Brooks's "No Silver Bullet" as Risk Philosophy

Fred Brooks argued in 1986 that there is no single technique that will produce an order-of-magnitude improvement in software productivity. The "essential complexity" of software — the irreducible difficulty of the problem domain — cannot be eliminated by tools, languages, or methodologies.

Risk implication. Any project plan that assumes a new tool or technique will solve a fundamental complexity problem is carrying an unacknowledged risk. When management bets the schedule on a technology they have not used before ("the new framework will make this twice as fast"), that is a risk that must be surfaced in the register.

Mitigation. Time-boxed technology evaluation. Spike stories. Proof of concept before commitment. The schedule must include learning time for any unfamiliar technology.

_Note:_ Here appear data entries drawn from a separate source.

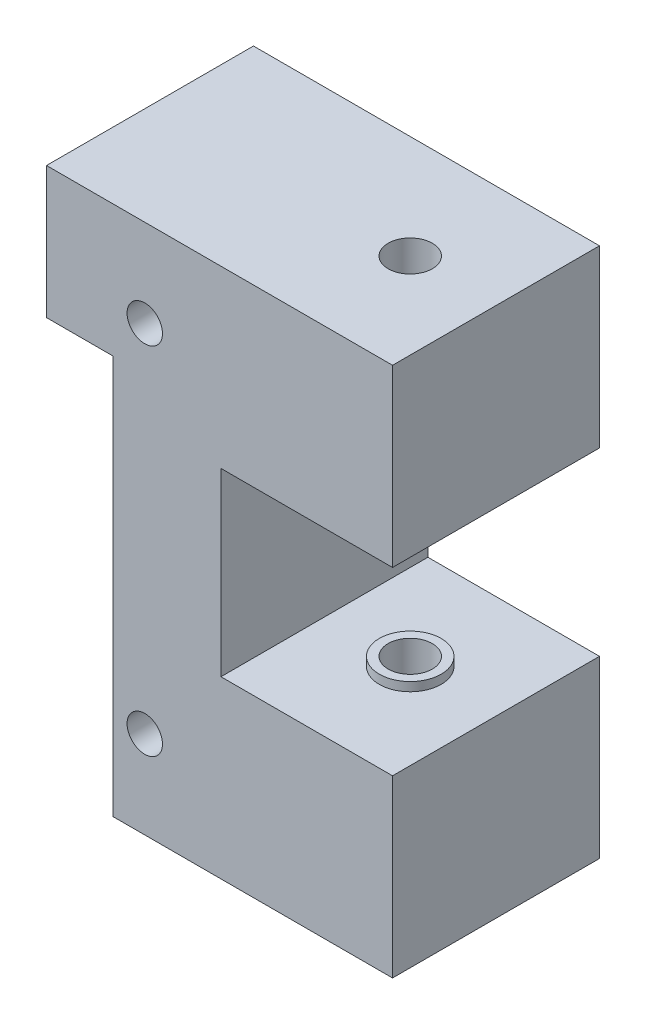
SolidWorks part; units mm, degrees
ref_plane "Front Plane" through (0, 0, 0) normal (0, 0, 1) x (1, 0, 0)
ref_plane "Top Plane" through (0, 0, 0) normal (0, 1, 0) x (1, 0, 0)
ref_plane "Right Plane" through (0, 0, 0) normal (1, 0, 0) x (0, 0, -1)
sketch "MainBlock" plane through (0, 0, 0) normal (0, 0, 1) x (1, 0, 0)
  line L0 (0, 0) -> (39.125, 0)
  line L1 (39.125, 0) -> (39.125, 19.8)
  line L2 (39.125, 19.8) -> (19.725, 19.8)
  line L3 (19.725, 19.8) -> (19.725, 40.2)
  line L4 (19.725, 40.2) -> (39.125, 40.2)
  line L5 (39.125, 40.2) -> (39.125, 60)
  line L6 (39.125, 60) -> (0, 60)
  line L7 (0, 60) -> (0, 0)
  circle A0 centre (11.1125, 50.1) radius 2
  circle A1 centre (11.1125, 9.9) radius 2
  dimension "D4" = 4
  dimension "D1" = 39.125
  dimension "D2" = 60
  dimension "D3" = 20.4
  dimension "D5" = 19.4
  dimension "D6" = 11.1125
  dimension "D7" = 9.9
  dimension "D8" = 9.9
  dimension "D9" = 19.8
  dimension "D10" = 19.8
extrude "MainBlockBoss-Extrude1" add sketch "MainBlock" along normal blind 23.4
sketch "TopHoleCut-Sketch2" plane through (0, 60, 0) normal (0, 1, 0) x (1, 0, 0)
  line L0 (39.125, 0) -> (0, 0) construction
  circle A0 centre (29.425, -11.7) radius 2.5
  dimension "D3" = 5
  dimension "D1" = 11.7
  dimension "D2" = 9.7
extrude "TopHoleCut-Extrude1" cut sketch "TopHoleCut-Sketch2" against normal blind 45
sketch "TopSpacerSketch4" plane through (0, 40.2, 0) normal (0, -1, 0) x (1, 0, 0)
  circle A0 centre (29.425, 11.7) radius 3.5
  circle A1 centre (29.425, 11.7) radius 2.5
  circle A2 centre (29.425, 11.7) radius 2.5 construction
  dimension "D1" = 7
extrude "TopSpacerBoss-Extrude2" add sketch "TopSpacerSketch4" along normal blind 1
sketch "LowerSpacerSketch5" plane through (0, 19.8, 0) normal (0, 1, 0) x (1, 0, 0)
  circle A0 centre (29.425, -11.7) radius 2.5
  circle A1 centre (29.425, -11.7) radius 2.5 construction
  circle A2 centre (29.425, -11.7) radius 3.5
  circle A3 centre (29.425, -11.7) radius 3.5 construction
extrude "LowerSpacerBoss-Extrude3" add sketch "LowerSpacerSketch5" along normal blind 1
sketch "MountHoleBoreSketch1" plane through (0, 0, 0) normal (0, 0, -1) x (-1, 0, 0)
  line L1 (-7.2375, 50.1) -> (-9.175, 53.4558)
  line L2 (-9.175, 53.4558) -> (-13.05, 53.4558)
  line L3 (-13.05, 53.4558) -> (-14.9875, 50.1)
  line L4 (-14.9875, 50.1) -> (-13.05, 46.7442)
  line L5 (-13.05, 46.7442) -> (-9.175, 46.7442)
  line L6 (-9.175, 46.7442) -> (-7.2375, 50.1)
  line L7 (-7.2375, 9.9) -> (-9.175, 13.2558)
  line L8 (-9.175, 13.2558) -> (-13.05, 13.2558)
  line L9 (-13.05, 13.2558) -> (-14.9875, 9.9)
  line L10 (-14.9875, 9.9) -> (-13.05, 6.5442)
  line L11 (-13.05, 6.5442) -> (-9.175, 6.5442)
  line L12 (-9.175, 6.5442) -> (-7.2375, 9.9)
  circle A0 centre (-11.1125, 50.1) radius 3.3558 construction
  circle A1 centre (-11.1125, 9.9) radius 3.3558 construction
  dimension "D1" = 7.75
extrude "MountHoleBoreCut-Extrude1" cut sketch "MountHoleBoreSketch1" against normal blind 2
sketch "PushPinHoleSketch1" plane through (0, 0, 0) normal (0, -1, 0) x (1, 0, 0)
  circle A0 centre (29.425, 11.7) radius 1
  circle A1 centre (29.425, 11.7) radius 2.5 construction
  dimension "D1" = 2
extrude "PushPinHoleCut-Extrude1" cut sketch "PushPinHoleSketch1" against normal through all
sketch "MidRailInsetSketch1" plane through (0, 0, 0) normal (0, 0, -1) x (-1, 0, 0)
  line L0 (0, 60) -> (0, 0) construction
  line L1 (0, 45.1) -> (-7.5, 45.1)
  line L2 (0, 45.1) -> (0, 0)
  line L3 (0, 0) -> (-7.5, 0)
  line L4 (-7.5, 45.1) -> (-7.5, 0)
  line L6 (0, 0) -> (-39.125, 0) construction
  line L7 (-39.125, 60) -> (0, 60) construction
  dimension "D1" = 7.5
  dimension "D2" = 14.9
extrude "MidRailInsetCut-Extrude2" cut sketch "MidRailInsetSketch1" against normal through all
equation "\"BeltTensionerWidth\"= \"MidRailToAlignWithGantryBlock\" + \"BeltTensionerInnerWidth\" / 2 + \"RailThickness\""
equation "\"BeltTensionerHeight\"= 60mm"
equation "\"BeltTensionerDepth\"= \"BeltTensionerBackWallThickness\" + \"BeltTensionerInnerDepth\"'Equals 23.4"
equation "\"BeltTensionerInnerWidth\"= \"20TGT2PulleyDiameter\" + \"BeltTensionerSpaceBetweenPulleyAndWall\""
equation "\"BeltTensionerInnerHeight\"= \"20TGT2PulleyWidth\" * 2 + \"1mmSpacer\" * 3"
equation "\"BeltTensionerBackWallThickness\"= 4mm"
equation "\"BeltTensionerInnerDepth\"= \"20TGT2PulleyDiameter\" + \"BeltTensionerSpaceBetweenPulleyAndWall\""
equation "\"RailThickness\"= .125in'Spec"
equation "\"HoleOffsetFromEdge\"= \"RailThickness\" * 2.5"
equation "\"LinearGBWithRailDepth\"= 12.75mm'Spec"
equation "\"GABDistanceFromBackToFirstPulley\"= 13.5mm"
equation "\"MidRailToAlignWithGantryBlock\"= \"LinearGBWithRailDepth\" + \"GABDistanceFromBackToFirstPulley\"'All outside cogs must align"
equation "\"20TGT2PulleyDiameter\"= 17.9mm'Spec"
equation "\"BeltTensionerSpaceBetweenPulleyAndWall\"= 1.5mm"
equation "\"BeltTensionerMountingHoleDiameter\"= 4.0mm"
equation "\"BeltTensionerMountingHoleOffsetFromEdge\"= \"HoleOffsetFromEdge\""
equation "\"20TGT2PulleyWidth\"= 8.7mm'The STL of the Pulley in the diagram is a bit larger"
equation "\"1mmSpacer\"= 1mm"
equation "\"SteelShaft5mmHoleDiameter\"= 5mm"
equation "\"BeltTensionerMountingHoleOuterBoreDepth\"= 2mm"
equation "\"BeltTensionerMountingHoleOuterBoreDiameter\"= 7.75mm"
equation "\"7mmx1mmSpacerDiameter\"= 7mm"
equation "\"7mmx1mmSpacerHeight\"= 1mm"
equation "\"D1@MainBlock\" = \"BeltTensionerWidth\""
equation "\"D4@MainBlock\" = \"BeltTensionerMountingHoleDiameter\""
equation "\"D5@MainBlock\" = \"BeltTensionerInnerWidth\""
equation "\"D6@MainBlock\"=\"BeltTensionerMountingHoleOffsetFromEdge\" + \"RailThickness\""
equation "\"D7@MainBlock\"=\"BeltTensionerMountingHoleOffstFromTopOrBottom\""
equation "\"D8@MainBlock\"=\"BeltTensionerMountingHoleOffstFromTopOrBottom\""
equation "\"D1@MainBlockBoss-Extrude1\" = \"BeltTensionerDepth\""
equation "\"D1@TopHoleCut-Sketch2\" = \"BeltTensionerDepth\" / 2"
equation "\"D3@TopHoleCut-Sketch2\" = \"SteelShaft5mmHoleDiameter\""
equation "\"D1@TopSpacerSketch4\" = \"7mmx1mmSpacerDiameter\""
equation "\"D1@TopSpacerBoss-Extrude2\" = \"7mmx1mmSpacerHeight\""
equation "\"D1@LowerSpacerBoss-Extrude3\" = \"7mmx1mmSpacerHeight\""
equation "\"D1@MountHoleBoreSketch1\" = \"BeltTensionerMountingHoleOuterBoreDiameter\""
equation "\"D1@MountHoleBoreCut-Extrude1\" = \"BeltTensionerMountingHoleOuterBoreDepth\""
equation "\"SteelPinPushHoleDiameter\"= 2mm"
equation "\"D1@PushPinHoleSketch1\" = \"SteelPinPushHoleDiameter\""
equation "\"D2@TopHoleCut-Sketch2\"=\"BeltTensionerWidth\" - \"MidRailToAlignWithGantryBlock\" - \"RailThickness\""
equation "\"BeltTensionerMountingHoleOffstFromTopOrBottom\"= ( \"BeltTensionerHeight\" - \"BeltTensionerInnerHeight\" ) / 4"
equation "\"BeltTensionerSteelShaftHoleDepthFromTop\"= ( \"SteelShaftLength\" - \"BeltTensionerInnerHeight\" ) / 2 + ( \"BeltTensionerHeight\" - \"BeltTensionerInnerHeight\" ) / 2 + \"BeltTensionerInnerHeight\"'Equals 45"
equation "\"SteelShaftLength\"= 30mm"
equation "\"D1@TopHoleCut-Extrude1\"=\"BeltTensionerSteelShaftHoleDepthFromTop\""
equation "\"MidSideRailVerticalOffset\"= \"LinearRailWidth\" + 3mm'Allows space for RodStabilizer to attach to bottom of MidSideRail"
equation "\"LinearRailWidth\"= 12mm'Spec"
equation "\"D2@MidRailInsetSketch1\"=\"DistanceAboveMidSideRailToTopOfBeltTensioner\""
equation "\"DistanceAboveMidSideRailToTopOfBeltTensioner\"= \"VS ToTopOfBeltTensionerAlignedWithYAxisGantryBlockUpperPulley\" - \"V8 ToTopOfMidSideRail\"'Equals 14.9"
equation "\"DistanceFromBeltTensionerTopPulleyToBeltTensionerTop\"= \"7mmx1mmSpacerHeight\" + \"BeltTensionerTopHeight\"'Equals 20.8"
equation "\"BeltTensionerTopHeight\"= ( \"BeltTensionerHeight\" - \"BeltTensionerInnerHeight\" ) / 2'Equals 19.8"
equation "\"GABUpperHeight\"= 4mm"
equation "\"D3@MainBlock\"=\"BeltTensionerInnerHeight\""
equation "\"D9@MainBlock\"=\"BeltTensionerTopHeight\""
equation "\"LegHeight\"= 70mm'Space needed for PSU/Stepper/Electronics"
equation "\"V1 BottomOfLowerRail\"= \"LegHeight\""
equation "\"LowerEnclosureThickness\"= 5mm"
equation "\"StepperShaftLength\"= 24mm'Pulley will be attached to the end"
equation "\"ZAxisLeadScrewLength\"= 200mm"
equation "\"LM8UUHeight\"= 24mm'Spec"
equation "\"V2 ToBedAtTopOfZAxis\"= \"V1 BottomOfLowerRail\" - \"LowerEnclosureThickness\" + \"StepperShaftLength\" + \"ZAxisLeadScrewLength\" - \"LM8UUHeight\" / 2'Equals 277"
equation "\"BedToBuildPlateStandoffLength\"= 15mm"
equation "\"BuildPlateHeight\"= 8mm'Spec"
equation "\"V4 ToTopOfBuildPlate/HotEndTip\"= \"V2 ToBedAtTopOfZAxis\" + \"BedToBuildPlateStandoffLength\" + \"BuildPlateHeight\""
equation "\"HotEndToTopOfXAxisGB\"= 71.68487mm'Equals 71.68487. Measured after installed onto X-Axis linear rail guide block"
equation "\"LinearGBWidth\"= 27mm'Spec"
equation "\"TopOfGBToBottomOfLinearRail\"= \"LinearGBWidth\" / 2 + \"LinearRailWidth\" / 2'Equals 19.5"
equation "\"V5 ToBottomOfXAxisLinearRail\"= \"V4 ToTopOfBuildPlate/HotEndTip\" + \"HotEndToTopOfXAxisGB\" - \"TopOfGBToBottomOfLinearRail\"'Equals 352.18487"
equation "\"GABMidWallHeight\"= 28mm'Must equal 28 or changes alignment"
equation "\"GABLowerHeight\"= 4mm"
equation "\"GABHeight\"= \"GABLowerHeight\" + \"GABMidWallHeight\" + \"GABUpperHeight\""
equation "\"V6 ToMiddleOfYAxisGantryBlock\"= \"V5 ToBottomOfXAxisLinearRail\" - \"GABHeight\" / 2'Equals 334.18487"
equation "\"V8 ToTopOfMidSideRail\"= \"V6 ToMiddleOfYAxisGantryBlock\" + \"MidSideRailVerticalOffset\"'Equals 349.18487"
equation "\"VS ToTopOfBeltTensionerAlignedWithYAxisGantryBlockUpperPulley\"= \"V5 ToBottomOfXAxisLinearRail\" - \"DistanceFromXAxisLinearRailBottomAndTopOfGantryPulley\" + \"DistanceFromBeltTensionerTopPulleyToBeltTensionerTop\"'Equals 364.08487"
equation "\"GABRiserBossOffset\"= 0.4mm'Aligns Pulleys inside edges to be 2.5mm (.5mm apart top to bottom)"
equation "\"GABMidShortRiserHeight\"= \"GABMidWallHeight\" / 2 - \"20TGT2PulleyWidth\"'Equals 5.3"
equation "\"DistanceFromXAxisLinearRailBottomAndTopOfGantryPulley\"= \"GABUpperHeight\" + \"GABMidShortRiserHeight\" - \"GABRiserBossOffset\"'Equals 8.9"

When to Use / When NOT to Use

When to use formal risk management

Projects longer than 4 weeks with multiple stakeholders
Projects with external dependencies or regulatory requirements
Projects where failure has significant financial, safety, or reputational consequences
Any project where the team has said "I hope this works" — hope is not a strategy

When NOT to use formal risk management

Trivial tasks with well-understood scope (a risk register for a one-day bug fix is overhead)
When risk management becomes risk theater — elaborate spreadsheets that nobody reads or updates
When the process generates more risk (analysis paralysis, delayed decisions) than it mitigates

The Goldilocks principle

A risk register with 3-5 items for a small project, 10-20 for a medium project, and no more than 50 for a large project. If you have 200 risks, you have a list, not a management tool. Prioritize ruthlessly.

Cross-References

hamilton agent: Systems engineering risk architecture. Priority-based degradation. NASA heritage.
brooks agent: Department chair. Organizational risk, team scaling risk, essential vs. accidental complexity.
goldratt agent: Theory of Constraints applied to schedule risk — critical chain buffering.
deming agent: Quality risk — defects as risk events, PDCA for risk response improvement.
estimation-planning skill: Monte Carlo simulation, PERT estimation, critical path method — the quantitative tools for schedule risk analysis.
quality-assurance skill: FMEA, testing strategies, verification and validation — risk reduction through quality.
retrospective-learning skill: Lessons learned databases, after-action reviews — feeding risk knowledge back into future projects.
rca department (blameless-postmortem skill): Root cause analysis when risks materialize — turning incidents into prevention.

References

Hillson, D. & Simon, P. (2020). Practical Project Risk Management. 3rd edition. Berrett-Koehler.
Hubbard, D. W. (2009). The Failure of Risk Management. Wiley.
Klein, G. (2007). "Performing a Project Premortem." Harvard Business Review, 85(9), 18-19.
Hamilton, M. H. (1986). "Higher Order Software — A Methodology for Defining Software." IEEE Transactions on Software Engineering, SE-12(9), 9-25.
Brooks, F. P. (1986). "No Silver Bullet — Essence and Accident in Software Engineering." Information Processing 1986, Elsevier.
NASA. (2011). NASA Risk Management Handbook. NASA/SP-2011-3422.
Stamatis, D. H. (2003). Failure Mode and Effect Analysis: FMEA from Theory to Execution. ASQ Quality Press.
Vose, D. (2008). Risk Analysis: A Quantitative Guide. 3rd edition. Wiley.